Stability commitments
| API surface | Stability |
|---|---|
| HDC kernel (HV, bind, bundle, hamming) | stable since sochdb v1; no breaks expected |
| Storage layout | format_version pinned in manifest; migrations explicit |
| Encoder versions | pinned in manifest; mismatch errors |
| Public Agidb API | stabilizing, semver from 1.0 (post-v2.0 launch) |
| Internal traits / type bounds | may evolve; pre-1.0 |
| BAMS protocol | v2.1 is “BAMS v1”; future BAMS v2 may differ |
| Brain calibration | v2.1 against TRIBE v2 march 2026; recalibration required for TRIBE v3 |
What this spec doesn’t cover
- Detailed consolidation algorithm (see ARCHITECTURE.md)

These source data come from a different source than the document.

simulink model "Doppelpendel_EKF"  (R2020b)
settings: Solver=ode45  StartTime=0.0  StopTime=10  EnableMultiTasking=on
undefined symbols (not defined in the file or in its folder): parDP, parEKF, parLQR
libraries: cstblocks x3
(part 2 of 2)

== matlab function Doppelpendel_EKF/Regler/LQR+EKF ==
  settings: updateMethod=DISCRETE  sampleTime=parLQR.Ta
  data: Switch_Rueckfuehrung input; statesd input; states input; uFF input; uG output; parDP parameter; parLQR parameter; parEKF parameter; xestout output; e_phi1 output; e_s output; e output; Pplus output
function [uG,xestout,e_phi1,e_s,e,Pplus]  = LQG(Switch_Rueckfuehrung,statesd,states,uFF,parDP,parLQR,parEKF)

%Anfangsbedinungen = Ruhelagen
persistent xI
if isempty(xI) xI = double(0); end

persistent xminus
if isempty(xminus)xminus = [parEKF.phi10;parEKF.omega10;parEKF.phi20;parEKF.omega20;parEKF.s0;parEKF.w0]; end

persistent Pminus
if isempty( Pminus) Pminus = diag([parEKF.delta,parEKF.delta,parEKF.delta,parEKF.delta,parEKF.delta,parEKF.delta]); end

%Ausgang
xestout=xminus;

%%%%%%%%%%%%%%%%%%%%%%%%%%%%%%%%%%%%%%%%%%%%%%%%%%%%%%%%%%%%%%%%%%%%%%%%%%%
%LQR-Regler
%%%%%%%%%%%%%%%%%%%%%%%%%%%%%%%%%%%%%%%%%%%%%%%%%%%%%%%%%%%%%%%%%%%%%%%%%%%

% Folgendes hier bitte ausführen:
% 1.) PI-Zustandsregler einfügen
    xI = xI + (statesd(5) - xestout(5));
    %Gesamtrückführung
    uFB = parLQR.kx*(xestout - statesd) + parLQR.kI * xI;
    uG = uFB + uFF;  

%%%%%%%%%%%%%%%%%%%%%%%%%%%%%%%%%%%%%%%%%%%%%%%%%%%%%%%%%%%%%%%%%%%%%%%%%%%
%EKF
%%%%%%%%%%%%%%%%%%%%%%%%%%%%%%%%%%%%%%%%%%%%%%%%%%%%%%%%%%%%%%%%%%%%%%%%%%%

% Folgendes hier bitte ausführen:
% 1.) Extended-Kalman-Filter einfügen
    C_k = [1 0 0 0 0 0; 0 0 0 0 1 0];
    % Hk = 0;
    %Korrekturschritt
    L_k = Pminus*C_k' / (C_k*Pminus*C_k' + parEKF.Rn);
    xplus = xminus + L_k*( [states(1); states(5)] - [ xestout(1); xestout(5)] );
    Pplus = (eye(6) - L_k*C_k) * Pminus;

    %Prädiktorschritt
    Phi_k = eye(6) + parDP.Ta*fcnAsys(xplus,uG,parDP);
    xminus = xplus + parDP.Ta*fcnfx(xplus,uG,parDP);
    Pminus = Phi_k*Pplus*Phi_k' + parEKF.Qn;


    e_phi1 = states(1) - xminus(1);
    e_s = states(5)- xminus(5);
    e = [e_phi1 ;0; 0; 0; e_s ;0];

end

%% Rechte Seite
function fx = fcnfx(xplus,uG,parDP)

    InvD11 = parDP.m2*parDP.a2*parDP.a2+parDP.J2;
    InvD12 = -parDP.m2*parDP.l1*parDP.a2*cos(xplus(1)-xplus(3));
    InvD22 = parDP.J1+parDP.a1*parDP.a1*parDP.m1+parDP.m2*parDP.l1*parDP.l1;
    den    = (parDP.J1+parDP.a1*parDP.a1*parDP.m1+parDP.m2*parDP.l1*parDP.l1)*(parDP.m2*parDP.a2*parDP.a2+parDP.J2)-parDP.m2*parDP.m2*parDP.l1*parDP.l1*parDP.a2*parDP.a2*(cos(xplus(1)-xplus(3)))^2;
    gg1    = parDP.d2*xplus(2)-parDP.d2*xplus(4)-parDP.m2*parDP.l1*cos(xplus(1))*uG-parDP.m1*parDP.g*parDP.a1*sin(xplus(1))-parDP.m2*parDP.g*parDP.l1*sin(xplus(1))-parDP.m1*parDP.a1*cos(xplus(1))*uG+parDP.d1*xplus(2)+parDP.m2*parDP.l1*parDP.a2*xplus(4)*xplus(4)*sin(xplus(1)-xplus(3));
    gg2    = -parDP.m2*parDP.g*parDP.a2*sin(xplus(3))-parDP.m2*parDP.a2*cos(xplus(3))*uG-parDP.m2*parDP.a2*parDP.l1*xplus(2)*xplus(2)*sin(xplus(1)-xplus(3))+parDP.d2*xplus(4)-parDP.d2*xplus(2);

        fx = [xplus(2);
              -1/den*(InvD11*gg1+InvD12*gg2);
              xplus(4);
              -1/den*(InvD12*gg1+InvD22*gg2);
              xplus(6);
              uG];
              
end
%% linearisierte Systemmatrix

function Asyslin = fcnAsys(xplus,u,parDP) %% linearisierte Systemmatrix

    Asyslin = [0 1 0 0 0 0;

- Detailed BAMS protocol (see BAMS_BENCHMARK.md)
- Detailed brain-alignment derivation (see BRAIN_ALIGNMENT.md)
- Per-floor cognitive semantics (see COGNITIVE_PRIMITIVES.md)
- HDC math justification (see LAYER_1_RECALL.md)
- Encoder selection rationale (see LAYER_2_EXTRACTION.md)
- Storage schema rationale (see LAYER_3_STORAGE.md)
- 5-year evolution plan (see AGI_TRAJECTORY.md)
This document is the API surface reference. The other docs are the why.